Your objective: Scan the records that follow, and whenever a line has the word "HIDDEN", copy it.

(Records supplied)

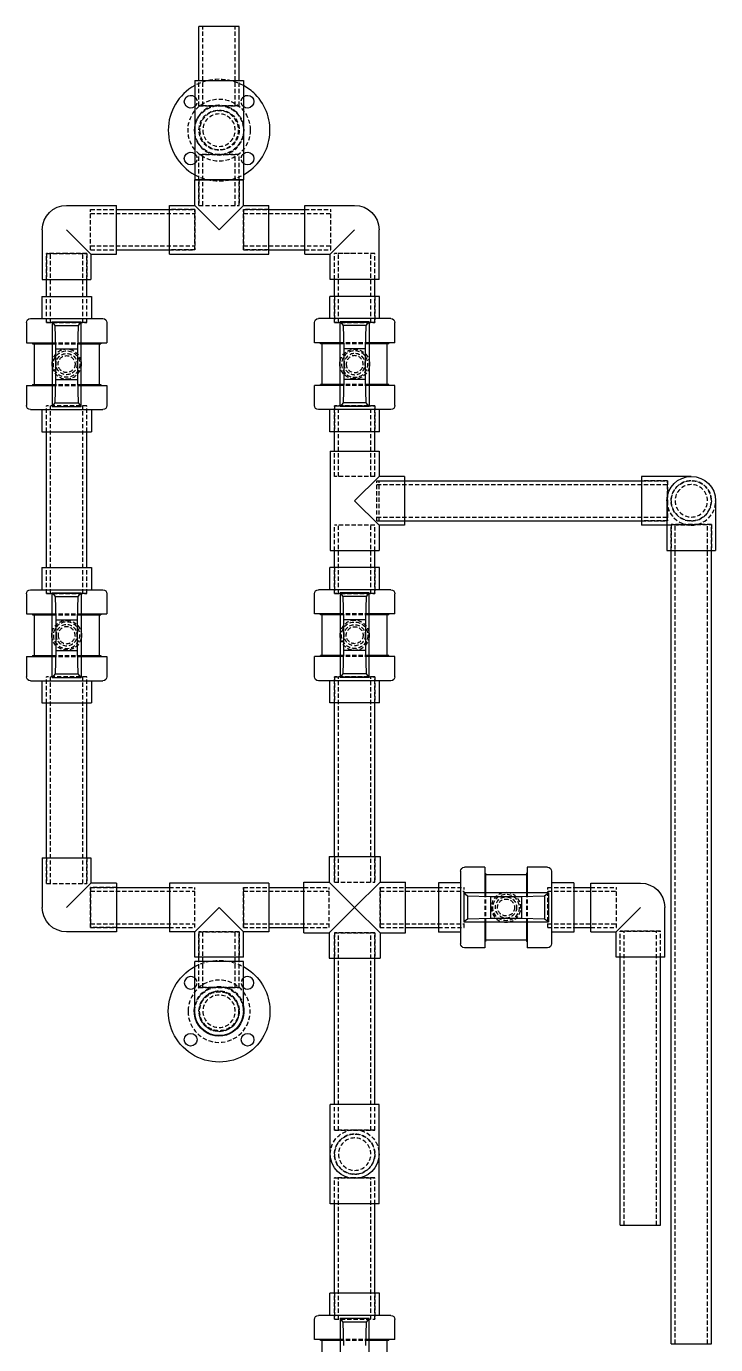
# Model space of a CAD drawing. Header units: inches. Extents: x 384 to 2495, y 344 to 1371.
# Drawn here: x 2203.7 to 2244.3, y 482.1 to 559.9 of the extents above; entities that cross this region are included whole.
import ezdxf

# ---------------------------------------------------------------- set-up
doc = ezdxf.new("R2010")
doc.units = ezdxf.units.IN
doc.header["$MEASUREMENT"] = 0
doc.linetypes.add('HIDDEN', pattern=[0.375, 0.25, -0.125])
doc.layers.add('HIDDEN', color=4, linetype='HIDDEN')
doc.layers.add('VISIBLE', color=7, linetype='Continuous')

msp = doc.modelspace()

# ---------------------------------------------------------------- linework, layer by layer
at = {"layer": 'HIDDEN'}
for p, q in [((2214.079, 555.207), (2214.079, 559.894)), ((2215.992, 555.207), (2215.992, 559.894)), ((2213.848, 555.207), (2213.848, 556.707)), ((2213.848, 555.207), (2213.848, 556.707)), ((2216.223, 555.207), (2216.223, 556.707)), ((2216.223, 555.207), (2216.223, 556.707)), ((2213.848, 555.207), (2216.223, 555.207)), ((2215.035, 555.207), (2213.848, 555.207)), ((2216.223, 555.207), (2215.035, 555.207)), ((2213.848, 552.332), (2216.223, 552.332)), ((2213.848, 549.332), (2213.848, 552.332)), ((2215.035, 552.332), (2213.848, 552.332)), ((2213.848, 550.832), (2213.848, 552.332)), ((2214.079, 549.332), (2214.079, 552.332)), ((2216.223, 552.332), (2215.035, 552.332)), ((2215.992, 549.332), (2215.992, 552.332)), ((2216.223, 549.332), (2216.223, 552.332)), ((2216.223, 550.832), (2216.223, 552.332)), ((2213.848, 550.832), (2213.848, 549.332)), ((2216.223, 550.832), (2216.223, 549.332)), ((2213.848, 549.332), (2216.223, 549.332)), ((2213.848, 549.332), (2216.223, 549.332)), ((2207.441, 546.707), (2207.441, 549.082)), ((2207.441, 549.082), (2208.973, 549.082)), ((2207.441, 546.707), (2207.441, 549.082)), ((2207.441, 549.082), (2208.973, 549.082)), ((2207.441, 548.851), (2213.598, 548.851)), ((2212.098, 549.082), (2213.598, 549.082)), ((2213.598, 549.082), (2212.098, 549.082)), ((2213.598, 546.707), (2213.598, 549.082)), ((2213.598, 549.082), (2213.598, 546.707)), ((2216.473, 546.707), (2216.473, 549.082)), ((2216.473, 549.082), (2217.973, 549.082)), ((2216.473, 549.082), (2216.473, 546.707)), ((2217.973, 549.082), (2216.473, 549.082)), ((2216.473, 548.851), (2221.629, 548.851)), ((2220.098, 549.082), (2221.629, 549.082)), ((2220.098, 549.082), (2221.629, 549.082)), ((2221.629, 546.707), (2221.629, 549.082)), ((2221.629, 546.707), (2221.629, 549.082)), ((2207.441, 546.938), (2213.598, 546.938)), ((2216.473, 546.938), (2221.629, 546.938)), ((2206.035, 546.488), (2204.848, 546.488)), ((2204.848, 544.957), (2204.848, 546.488)), ((2204.848, 546.488), (2207.223, 546.488)), ((2204.848, 546.488), (2204.848, 544.957)), ((2205.079, 542.425), (2205.079, 546.488)), ((2207.223, 546.488), (2206.035, 546.488)), ((2206.992, 542.425), (2206.992, 546.488)), ((2207.223, 544.957), (2207.223, 546.488)), ((2207.223, 546.488), (2207.223, 544.957)), ((2207.441, 546.707), (2208.973, 546.707)), ((2207.441, 546.707), (2208.973, 546.707)), ((2212.098, 546.707), (2213.598, 546.707)), ((2213.598, 546.707), (2212.098, 546.707)), ((2216.473, 546.707), (2217.973, 546.707)), ((2217.973, 546.707), (2216.473, 546.707)), ((2220.098, 546.707), (2221.629, 546.707)), ((2220.098, 546.707), (2221.629, 546.707)), ((2223.035, 546.488), (2221.848, 546.488)), ((2221.848, 544.957), (2221.848, 546.488)), ((2224.223, 546.488), (2221.848, 546.488)), ((2221.848, 544.957), (2221.848, 546.488)), ((2222.079, 542.425), (2222.079, 546.488)), ((2224.223, 546.488), (2223.035, 546.488)), ((2223.992, 542.425), (2223.992, 546.488)), ((2224.223, 544.957), (2224.223, 546.488)), ((2224.223, 544.957), (2224.223, 546.488)), ((2204.848, 542.425), (2204.848, 543.957)), ((2204.848, 542.425), (2204.848, 543.957)), ((2207.223, 542.425), (2207.223, 543.957)), ((2207.223, 542.425), (2207.223, 543.957)), ((2221.848, 542.425), (2221.848, 543.957)), ((2221.848, 543.957), (2221.848, 542.425)), ((2224.223, 542.425), (2224.223, 543.957)), ((2224.223, 543.957), (2224.223, 542.425)), ((2204.848, 542.425), (2207.223, 542.425)), ((2207.223, 542.425), (2204.848, 542.425)), ((2224.223, 542.425), (2221.848, 542.425)), ((2221.848, 542.425), (2224.223, 542.425)), ((2205.18, 541.217), (2206.89, 541.217)), ((2205.18, 541.166), (2206.89, 541.166)), ((2223.89, 541.217), (2222.18, 541.217)), ((2223.89, 541.166), (2222.18, 541.166)), ((2205.18, 538.757), (2206.89, 538.757)), ((2205.18, 538.707), (2206.89, 538.707)), ((2223.89, 538.757), (2222.18, 538.757)), ((2223.89, 538.707), (2222.18, 538.707)), ((2207.223, 537.498), (2204.848, 537.498)), ((2204.848, 535.967), (2204.848, 537.498)), ((2207.223, 537.498), (2204.848, 537.498)), ((2204.848, 535.967), (2204.848, 537.498)), ((2205.079, 526.425), (2205.079, 537.498)), ((2206.992, 526.425), (2206.992, 537.498)), ((2207.223, 535.967), (2207.223, 537.498)), ((2207.223, 535.967), (2207.223, 537.498)), ((2224.223, 537.498), (2221.848, 537.498)), ((2221.848, 535.967), (2221.848, 537.498)), ((2221.848, 537.498), (2224.223, 537.498)), ((2221.848, 537.498), (2221.848, 535.967)), ((2222.079, 533.332), (2222.079, 537.498)), ((2223.992, 533.332), (2223.992, 537.498)), ((2224.223, 535.967), (2224.223, 537.498)), ((2224.223, 537.498), (2224.223, 535.967)), ((2221.848, 533.332), (2221.848, 534.832)), ((2221.848, 533.332), (2221.848, 534.832)), ((2224.223, 533.332), (2224.223, 534.832)), ((2224.223, 533.332), (2224.223, 534.832)), ((2224.223, 533.332), (2221.848, 533.332)), ((2224.223, 533.332), (2221.848, 533.332)), ((2224.348, 530.707), (2224.348, 533.082)), ((2224.348, 533.082), (2225.973, 533.082)), ((2224.473, 530.707), (2224.473, 533.082)), ((2224.473, 533.082), (2225.973, 533.082)), ((2239.963, 533.082), (2241.494, 533.082)), ((2241.494, 533.082), (2239.963, 533.082)), ((2241.494, 530.707), (2241.494, 533.082)), ((2241.494, 533.082), (2241.494, 531.894)), ((2224.348, 532.851), (2241.494, 532.851)), ((2241.494, 531.894), (2241.494, 530.707)), ((2224.348, 530.938), (2241.494, 530.938)), ((2224.348, 530.707), (2225.973, 530.707)), ((2224.473, 530.707), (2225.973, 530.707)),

(End Records supplied)

Task answer:
doc.linetypes.add('HIDDEN', pattern=[0.375, 0.25, -0.125])
doc.layers.add('HIDDEN', color=4, linetype='HIDDEN')
at = {"layer": 'HIDDEN'}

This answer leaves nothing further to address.